For example, consider a global array:
int array[100];
The compiler knows at compile-time the size of the array and the size of an int, so it knows the entire size of the array at compile-time. Also a global variable has static storage duration by default: it is allocated in the static memory area of the process memory space (.data/.bss section). Given that information, the compiler decides during compilation in what address of that static memory area the array will be.
Of course that memory addresses are virtual addresses. The program assumes that it has its own entire memory space (From 0x00000000 to 0xFFFFFFFF for example). That's why the compiler could do assumptions like "Okay, the array will be at address 0x00A33211". At runtime that addresses are translated to real/hardware addresses by the MMU and OS.
Value initialized static storage things are a bit different. For example:
int array[] = { 1 , 2 , 3 , 4 };
In our first example, the compiler only decided where the array will be allocated, storing that information in the executable.
In the case of value-initialized things, the compiler also injects the initial value of the array into the executable, and adds code which tells the program loader that after the array allocation at program start, the array should be filled with these values.
Here are two examples of the assembly generated by the compiler (GCC4.8.1 with x86 target):
C++ code:
int a[4];
int b[] = { 1 , 2 , 3 , 4 };
int main()
{}
Output assembly:
a:
.zero 16
b:
.long 1
.long 2
.long 3
.long 4
main:
pushq %rbp
movq %rsp, %rbp
movl $0, %eax
popq %rbp
ret
As you can see, the values are directly injected into the assembly. In the array a, the compiler generates a zero initialization of 16 bytes, because the Standard says that static stored things should be initialized to zero by default:
8.5.9 (Initializers) [Note]:
Every object of static storage duration is zero-initialized at
program startup before any other initial- ization takes place. In some
cases, additional initialization is done later.
I always suggest people to disassembly their code to see what the compiler really does with the C++ code. This applies from storage classes/duration (like this question) to advanced compiler optimizations. You could instruct your compiler to generate the assembly, but there are wonderful tools to do this on the Internet in a friendly manner. My favourite is GCC Explorer.
Memory allocated at compile time simply means there will be no further allocation at run time -- no calls to malloc, new, or other dynamic allocation methods.
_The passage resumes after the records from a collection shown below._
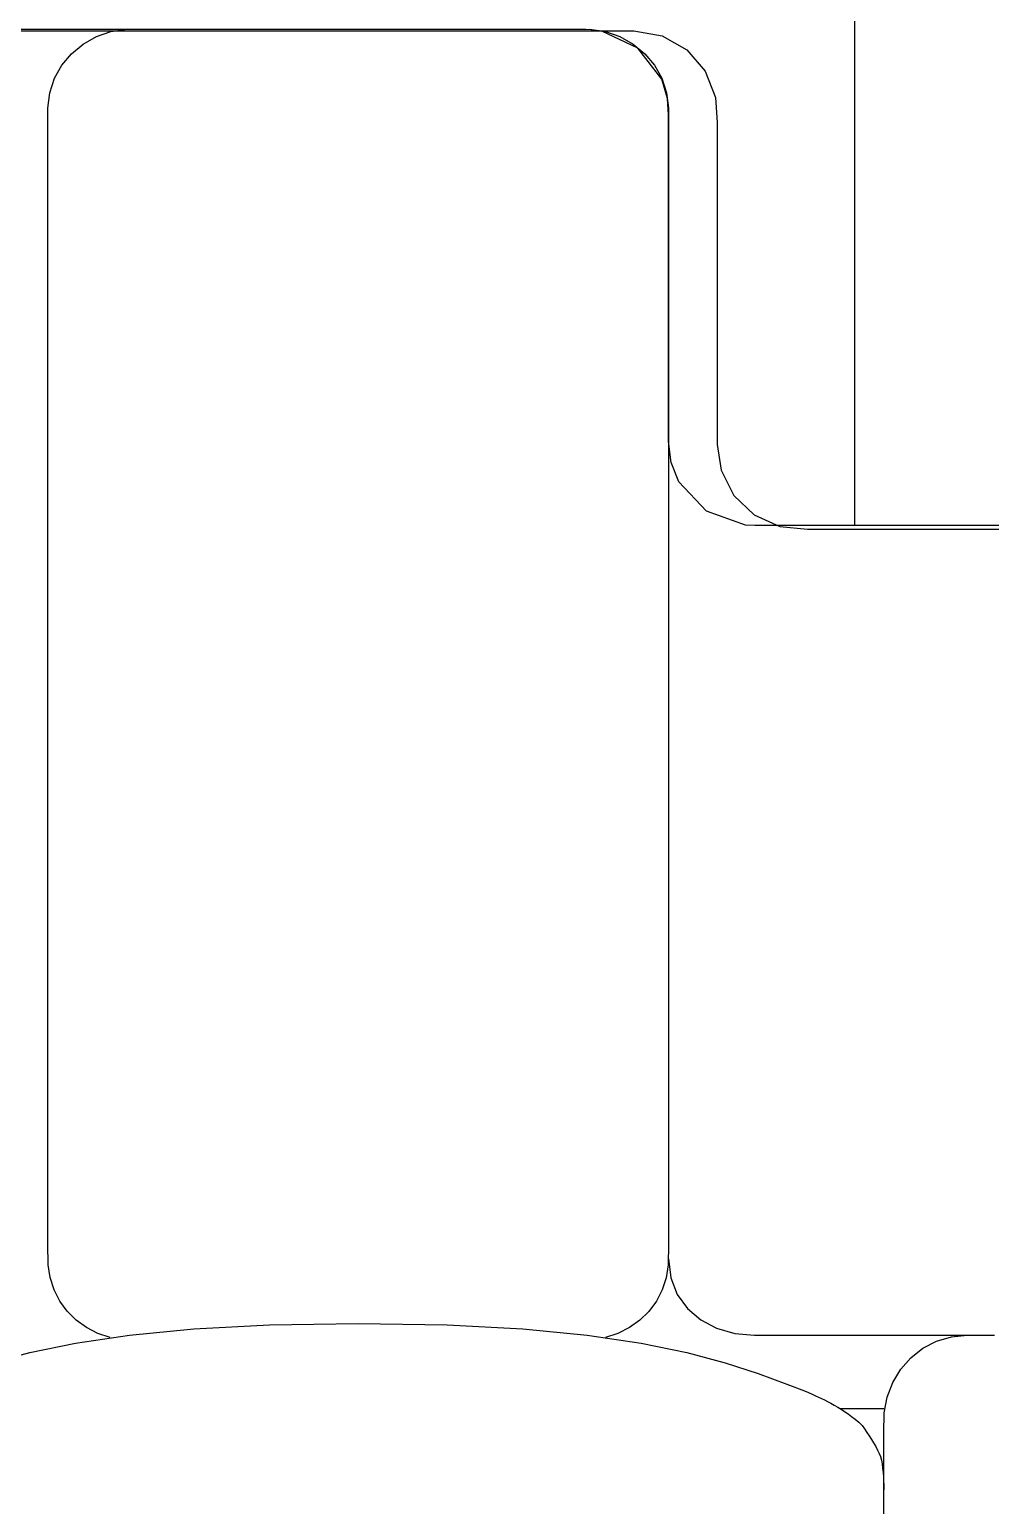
# Model space of a CAD drawing. Extents: x 1 to 47.7, y 0.2 to 35.
# Drawn here: x 42.253 to 42.598, y 11.405 to 11.935 of the extents above; entities that cross this region are included whole.
import ezdxf

# ---------------------------------------------------------------- set-up
doc = ezdxf.new("R2010")
doc.units = 0
doc.header["$MEASUREMENT"] = 0
for name, color, linetype in [('5_1___24__TARGET_LEDS___12', 7, 'CONTINUOUS'), ('6_1__EMPTY_IO_BOARD_POSITI', 7, 'CONTINUOUS'), ('6_2___8__INDEPENDENT_INPUT', 7, 'CONTINUOUS'), ('6_3___8__OPTOISO_INDEPENDE', 7, 'CONTINUOUS'), ('6_4___24__OPTOISO_INDEPEND', 7, 'CONTINUOUS'), ('6_5___8__INDEPENDENT_INPUT', 7, 'CONTINUOUS'), ('6_6___8__INDEPENDENT_INPUT', 7, 'CONTINUOUS'), ('6_7___8__OPTOISO_INDEPENDE', 7, 'CONTINUOUS'), ('6_8___8__OPTOISO_INDEPENDE', 7, 'CONTINUOUS'), ('8_0_____DWG', 7, 'CONTINUOUS')]:
    doc.layers.add(name, color=color, linetype=linetype)

msp = doc.modelspace()

# ---------------------------------------------------------------- linework, layer by layer
at = {"layer": '5_1___24__TARGET_LEDS___12'}
for points in [[(42.48211, 11.78713), (42.48211, 11.78919), (42.48211, 11.79492), (42.48211, 11.80364), (42.48211, 11.81467), (42.48211, 11.86831), (42.48211, 11.89133), (42.48211, 11.89951), (42.48211, 11.90456), (42.48177, 11.91035), (42.47975, 11.91728), (42.4712, 11.92846), (42.45817, 11.93454), (42.45443, 11.93505), (42.45251, 11.93513), (42.45009, 11.93513), (42.44532, 11.93513), (42.43783, 11.93513), (42.42767, 11.93513), (42.41489, 11.93513), (42.39955, 11.93513), (42.38171, 11.93513), (42.36141, 11.93513), (42.33873, 11.93513), (42.3137, 11.93513), (42.28639, 11.93513), (42.25686, 11.93513), (42.22515, 11.93513)], [(42.28172, 11.46532), (42.27728, 11.46681), (42.27319, 11.46893), (42.26951, 11.47162), (42.2663, 11.47481), (42.26361, 11.47846), (42.26153, 11.48249), (42.26009, 11.48685), (42.25937, 11.49149), (42.2593, 11.49898), (42.2593, 11.53122), (42.2593, 11.58531), (42.2593, 11.65298), (42.2593, 11.72596), (42.2593, 11.796), (42.2593, 11.85481), (42.2593, 11.89413), (42.25931, 11.90688), (42.26002, 11.91245), (42.26174, 11.91763), (42.26437, 11.92234), (42.26782, 11.92648), (42.27197, 11.92994), (42.27672, 11.93262), (42.28198, 11.93443), (42.28763, 11.93526)], [(42.45383, 11.93526), (42.45948, 11.93443), (42.46474, 11.93262), (42.46949, 11.92994), (42.47364, 11.92648), (42.47708, 11.92234), (42.47971, 11.91763), (42.48143, 11.91245), (42.48214, 11.90688), (42.48215, 11.89413), (42.48215, 11.85481), (42.48215, 11.796), (42.48215, 11.72596), (42.48215, 11.65298), (42.48215, 11.58531), (42.48215, 11.53122), (42.48215, 11.49898), (42.48207, 11.49148), (42.48135, 11.48682), (42.4799, 11.48244), (42.47779, 11.47839), (42.47508, 11.47475), (42.47183, 11.47156), (42.46811, 11.46889), (42.46398, 11.46679), (42.4595, 11.46532)], [(42.64725, 11.75697), (42.59471, 11.75697), (42.57012, 11.75697), (42.54837, 11.75697), (42.53078, 11.75697), (42.51861, 11.75697), (42.51318, 11.75697), (42.50986, 11.75712), (42.49575, 11.76212), (42.48587, 11.77275), (42.48312, 11.77959), (42.48215, 11.78713)], [(42.48215, 11.49356), (42.48296, 11.4868), (42.48529, 11.48085), (42.48893, 11.4758), (42.49371, 11.47172), (42.49944, 11.46871), (42.50594, 11.46684), (42.51302, 11.46619), (42.51725, 11.46619), (42.52818, 11.46619), (42.54311, 11.46619), (42.55938, 11.46619), (42.57431, 11.46619), (42.58523, 11.46619), (42.58946, 11.46619)], [(42.23899, 11.45627), (42.25281, 11.45994), (42.26919, 11.4633), (42.28865, 11.46618), (42.31172, 11.46844), (42.33892, 11.46991), (42.37078, 11.47044), (42.40264, 11.46991), (42.42984, 11.46844), (42.45291, 11.46618), (42.47236, 11.4633), (42.48874, 11.45994), (42.50256, 11.45627), (42.51434, 11.45246), (42.52462, 11.44865), (42.53094, 11.44617), (42.53244, 11.44555), (42.53377, 11.44498), (42.53496, 11.44446), (42.53607, 11.44395), (42.53714, 11.44344), (42.53819, 11.44291), (42.53929, 11.44235), (42.54045, 11.44173), (42.54169, 11.44107), (42.54292, 11.44036), (42.54415, 11.4396), (42.54539, 11.43879), (42.54663, 11.43793), (42.54789, 11.437), (42.54917, 11.43601), (42.55048, 11.43494), (42.5517, 11.43379), (42.5525, 11.43254), (42.55333, 11.43128), (42.55417, 11.43001), (42.555, 11.42874), (42.55581, 11.42747), (42.55657, 11.42621), (42.55726, 11.42495), (42.55785, 11.4237), (42.55828, 11.42256), (42.55859, 11.42134), (42.55884, 11.41996), (42.55905, 11.41848), (42.55921, 11.41692), (42.55932, 11.41532), (42.5594, 11.41372), (42.55945, 11.41215), (42.55946, 11.41065)], [(42.55943, 11.39957), (42.55943, 11.43097), (42.55957, 11.43827), (42.56063, 11.44397), (42.56266, 11.44925), (42.56555, 11.454), (42.5692, 11.45811), (42.57351, 11.46149), (42.57839, 11.46404), (42.58373, 11.46564), (42.58944, 11.46619), (42.58991, 11.46619), (42.59117, 11.46619), (42.59297, 11.46619), (42.59508, 11.46619), (42.59724, 11.46619), (42.59923, 11.46619)], [(42.54367, 11.43989), (42.55946, 11.43989)]]:
    msp.add_lwpolyline(points, dxfattribs=at)
at = {"layer": '6_1__EMPTY_IO_BOARD_POSITI'}
msp.add_lwpolyline([(42.21488, 11.93472), (42.26122, 11.93472), (42.30333, 11.93472), (42.34106, 11.93472), (42.37426, 11.93472), (42.40277, 11.93472), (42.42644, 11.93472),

You'll have a fixed amount of memory usage even if you don't need all of that memory all of the time.
Isn't memory allocation by definition a runtime concept?
The memory is not in use prior to run time, but immediately prior to execution starting its allocation is handled by the system.
If I make a 1KB statically allocated variable in my C/C++ code, will that increase the size of the executable by the same amount?
Simply declaring the static will not increase the size of your executable more than a few bytes. Declaring it with an initial value that is non-zero will (in order to hold that initial value). Rather, the linker simply adds this 1KB amount to the memory requirement that the system's loader creates for you immediately prior to execution.
Memory allocated in compile time means that when you load the program, some part of the memory will be immediately allocated and the size and (relative) position of this allocation is determined at compile time.
char a[32];
char b;
char c;
Those 3 variables are "allocated at compile time", it means that the compiler calculates their size (which is fixed) at compile time. The variable a will be an offset in memory, let's say, pointing to address 0, b will point at address 33 and c at 34 (supposing no alignment optimization). So, allocating 1Kb of static data will not increase the size of your code, since it will just change an offset inside it. The actual space will be allocated at load time.
Real memory allocation always happens in run time, because the kernel needs to keep track of it and to update its internal data structures (how much memory is allocated for each process, pages and so on). The difference is that the compiler already knows the size of each data you are going to use and this is allocated as soon as your program is executed.
Remember also that we are talking about relative addresses. The real address where the variable will be located will be different. At load time the kernel will reserve some memory for the process, lets say at address x, and all the hard coded addresses contained in the executable file will be incremented by x bytes, so that variable a in the example will be at address x, b at address x+33 and so on.
Adding variables on the stack that take up N bytes doesn't (necessarily) increase the bin's size by N bytes. It will, in fact, add but a few bytes most of the time.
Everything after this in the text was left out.